2) Document what each value means.
3) Identify places where a change impacts the code.
4) Prevent other coders from accidentally misusing our abstractions.

Based on the importance of the above purposes to our project — how bad is a runtime error? how many other developers need to use this? how confusing is it? — we might choose to use different levels of static typing.

In Java, for instance, we might shove information into a List of Strings all day long. Or, we might create custom datatypes to express an ordered collection of property names vs a nonempty collection of error messages. The more specifically we express our types, the more checking the compiler can do.

Yesterday I was bit in the butt when I instantiated an (unmodifiable) empty map and later tried to add to it. Why is there only one interface for Map? Why do I get UnsupportedOperationException instead of a red underline in my IDE saying “method ‘put’ does not exist on interface ReadableMap” ? When I have a read-only Map, I would like its type to express that.

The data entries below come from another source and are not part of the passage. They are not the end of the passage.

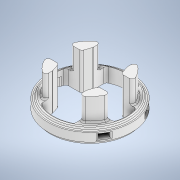
# Autodesk Inventor part: PlanetCarriage
Saved by Autodesk Inventor 2020 (Build 240168000, 168)
## iProperties
Created: 2019-07-19
Part Number: PlanetCarriage
Material: ABS Plastic
Document SubType Name: Modeling
Designer: Connor
Density: 1.06 g/cm^3
Appearance: White
Author: Connor
Autodesk Inventor part; units mm, degrees
ref_plane "YZ Plane" through (0, 0, 0) normal (1, 0, 0) x (0, 1, 0)
ref_plane "XZ Plane" through (0, 0, 0) normal (0, 1, 0) x (-1, 0, 0)
ref_plane "XY Plane" through (0, 0, 0) normal (0, 0, 1) x (1, 0, 0)
sketch "Sketch1" plane through (0, 0, 0) normal (0, 0, 1) x (1, 0, 0)
  line L0 (0, 0) -> (44.323, 0)
  line L1 (44.323, 0) -> (44.323, 3.175)
  line L2 (44.323, 3.175) -> (46.99, 3.175)
  line L3 (46.99, 3.175) -> (46.99, 12.7)
  line L4 (38.1, 15.875) -> (38.1, 41.275)
  line L5 (38.1, 41.275) -> (0, 41.275)
  line L6 (0, 41.275) -> (0, 0)
  line L7 (44.6024, 12.7) -> (42.7693, 15.875)
  line L8 (42.7693, 15.875) -> (38.1, 15.875)
  line L9 (46.99, 12.7) -> (44.6024, 12.7)
  dimension "d0" = 44.323
  dimension "d1" = 3.175
  dimension "d2" = 46.99
  dimension "d3" = 38.1
  dimension "d7" = 12.7
  dimension "d10" = 44.6024
  dimension "d33" = 120
  dimension "d35" = 3.175
  dimension "d46" = 38.1
  constraints: 20 end point, 7 perpendicular, 2 horizontal
  measures "d0" distance between parallel lines of L1 L6
  measures "d1" distance of L0.end L1.end
  measures "d2" distance between parallel lines of L6 L3
  measures "d3" distance between parallel lines of L4 L6
  measures "d7" distance between parallel lines of L0 L9
  measures "d10" distance from line of L6 L7.start
  measures "d33" angle of L9 L7
  measures "d35" distance between parallel lines of L9 L8
  measures "d46" distance between parallel lines of L2 L5
revolve "Revolution1" add sketch "Sketch1" angle 360 about axis through (0, 41.275, 0) along (0, -1, 0)
sketch "Sketch2" plane through (0, 0, 0) normal (0, -1, 0) x (1, 0, 0)
  circle A0 centre (0, 0) radius 41.275
  line L0 (19.05, -36.6159) -> (19.05, 36.6159)
  line L1 (-19.05, -36.6159) -> (-19.05, 36.6159)
  line L2 (39.2726, -12.7) -> (19.05, -12.7)
  line L3 (39.2726, 12.7) -> (19.05, 12.7)
  line L4 (-39.2726, -12.7) -> (-19.05, -12.7)
  line L5 (-39.2726, 12.7) -> (-19.05, 12.7)
  circle A1 centre (30.48, 0) radius 12.7
  circle A2 centre (-30.48, 0) radius 12.7
  line L6 (30.48, 0) -> (0, 0) construction
  line L7 (0, 0) -> (-30.48, 0) construction
  line L8 (-22.352, 12.7) -> (-19.05, 22.8625)
  line L9 (19.05, 22.8625) -> (22.352, 12.7)
  line L10 (19.05, -22.8625) -> (22.352, -12.7)
  line L11 (-22.352, -12.7) -> (-19.05, -22.8625)
  point P0 (-40.5408, -7.7505)
  point P1 (-40.5408, 7.7505)
  point P2 (40.5408, 7.7505)
  point P3 (40.5408, -7.7505)
  dimension "d19" = 82.55
  dimension "d15" = 38.1
  dimension "d36" = 25.4
  dimension "d37" = 60.96
  dimension "d43" = 72
  dimension "d44" = 72
  dimension "d45" = 3.302
  constraints: 24 end point, 12 point on line, 11 equal length, 4 perpendicular, 2 centre point, 2 vertical, 1 coincident, 1 equal radius, 1 horizontal, 1 tangent, 10 other
  measures "d15" distance between parallel lines of L1 L0
  measures "d36" diameter of A1
  measures "d37" distance of L7.end L6.start
  measures "d43" angle of L5 L8
  measures "d44" angle of L3 L9
  measures "d45" distance of L5.end L8.start
extrude "Extrusion1" cut sketch "Sketch2" against normal through all contours A0 A1 L3 | L0 A1 A0 L1 A2 | A0 A1 L0 | A1 L0 L3 | L9 L3 L0 | L0 A1 | L5 A2 A0 | L1 L5 L8 | A0 L2 A1 | A1 L2 L0 | A2 L1 A0 | L5 L1 A2 | L2 L10 L0 | A2 L4 A0 | A2 L1 | A2 L1 L4 | L4 L1 L11
extrude "Extrusion3" cut sketch "Sketch2" against normal blind 9.525 contours A1 A0 | L9 L3 L0 | L1 L5 L8 | A0 A2 | L2 L10 L0 | L4 L1 L11
fillet "Fillet2" radius 3.175 28 edges at (-19.05, 7.9375, 36.6159) (19.05, 7.9375, 36.6159) (-19.05, 7.9375, -36.6159) (19.05, 7.9375, -36.6159) (39.2726, 7.9375, 12.7) (39.2726, 7.9375, -12.7) (-39.2726, 7.9375, -12.7) (-39.2726, 7.9375, 12.7) (19.05, 28.575, -32.9956) (35.921, 28.575, -12.7) (35.921, 28.575, 12.7) (19.05, 28.575, 32.9956) (-35.921, 28.575, 12.7) (-19.05, 28.575, 32.9956) (-35.921, 28.575, -12.7) (-19.05, 28.575, -32.9956) (-22.352, 20.6375, 12.7) (-19.05, 20.6375, 22.8625) (22.352, 20.6375, 12.7) (19.05, 20.6375, 22.8625) (40.5408, 4.7625, 7.7505) (40.5408, 4.7625, -7.7505) (22.352, 20.6375, -12.7) (19.05, 20.6375, -22.8625) (-19.05, 20.6375, -22.8625) (-22.352, 20.6375, -12.7) (-40.5408, 4.7625, 7.7505) (-40.5408, 4.7625, -7.7505)
sketch "Sketch3" plane through (0, 0, 0) normal (0, -1, 0) x (1, 0, 0)
  line L0 (31.75, -19.05) -> (-31.75, -19.05) construction
  line L1 (-31.75, -19.05) -> (-31.75, 19.05) construction
  line L2 (-31.75, 19.05) -> (31.75, 19.05) construction
  line L3 (31.75, 19.05) -> (31.75, -19.05) construction
  line L4 (31.75, -19.05) -> (-31.75, 19.05) construction
  line L5 (31.75, 19.05) -> (-31.75, -19.05) construction
  point P0 (0, 0)
  point P1 (0, 0)
  dimension "d21" = 63.5
  dimension "d22" = 38.1
  constraints: 12 end point, 2 parallel, 1 coincident, 1 horizontal, 1 midpoint, 1 perpendicular
  measures "d21" distance of L0.start L0.end
  measures "d22" distance of L0.end L1.end
hole "Hole1" at (31.75, 0, -19.05) at (-31.75, 0, -19.05) at (-31.75, 0, 19.05) at (31.75, 0, 19.05) direction (0, 1, 0) diameter 5.207 depth 11.1125
sketch "Sketch4" plane through (31.75, 11.1125, -19.05) normal (0, -1, 0) x (1, 0, 0)
  circle A0 centre (0, 0) radius 2.6035 projected
  circle A1 centre (-31.75, 19.05) radius 46.99 projected
  circle A2 centre (-63.5, 38.1) radius 2.6035 construction
  line L0 (0, 0) -> (-63.5, 38.1) construction
  line L1 (-4.8413, 2.9048) -> (0.095, 5.6451)
  line L2 (0.095, 5.6451) -> (4.9363, 2.7403)
  line L3 (4.9363, 2.7403) -> (4.8413, -2.9048)
  line L4 (4.8413, -2.9048) -> (-0.095, -5.6451)
  line L5 (-0.095, -5.6451) -> (-4.9363, -2.7403)
  line L6 (-4.9363, -2.7403) -> (-4.8413, 2.9048)
  line L7 (4.9363, 2.7403) -> (10.8405, -0.8022)
  line L8 (-0.095, -5.6451) -> (5.8092, -9.1876)
  dimension "d30" = 9.779
  constraints: 18 end point, 2 collinear, 2 point on circle, 1 coincident, 1 point on line, 13 other
  measures "d30" distance between parallel lines of L3 L6
extrude "Extrusion2" cut sketch "Sketch4" along normal blind 6.35 contours L8 L4 L3 L7 A1 | L5 L6 L1 L2 L3 L4
mirror "Mirror1" about plane through (0, 0, 0) normal (0, 0, 1) of "Extrusion2"
mirror "Mirror2" about plane through (0, 0, 0) normal (1, 0, 0) of "Extrusion2", "Mirror1"
fillet "Fillet1" radius 1.5875 14 edges at (-42.7693, 15.875, 0) (-44.6024, 12.7, 0) (37.5592, 7.9375, -28.2376) (42.5905, 7.9375, -19.8522) (42.5905, 7.9375, 19.8522) (37.5592, 7.9375, 28.2376) (-37.5592, 7.9375, 28.2376) (-42.5905, 7.9375, 19.8522) (-42.5905, 7.9375, -19.8522) (-37.5592, 7.9375, -28.2376) (-29.7106, 15.875, 23.8514) (29.7106, 15.875, 23.8514) (-29.7106, 15.875, -23.8514) (29.7106, 15.875, -23.8514)
body "Solid1"

Obtaining maximum benefit from the type system generally involves some attention on the part of the programmer, as well as a willingness to make good use of the facilities provided by the language.” — Pierce, Types and Programming Languages

The designers of Collections.emptyMap() did not put this level of attention into the type system.

Yet, in some cases typing this specificity is overkill. Pierce again:

The tension between conservativity and expressiveness is a fundamental fact of life in the design of type systems.

This means that static type checking sometimes prevents you from doing things that are perfectly valid. Maybe it’s just fine to pass in a constant string as a FirstName, but if your method expects a FirstName instead of String, extra code is required by Java’s type system.
Yesterday I took advantage of erasure to return a raw type when I didn’t need the data governed by the type parameter. Dirty, I know – but the statically checked type was overly restrictive in that case.

Understanding the purposes of static type checking can help us know what level of effort we should go to be as expressive as possible.

This is one example of getting past how to use the type system, into the why of its existence, so that we know when to use it. Understand one level of abstraction below where we work.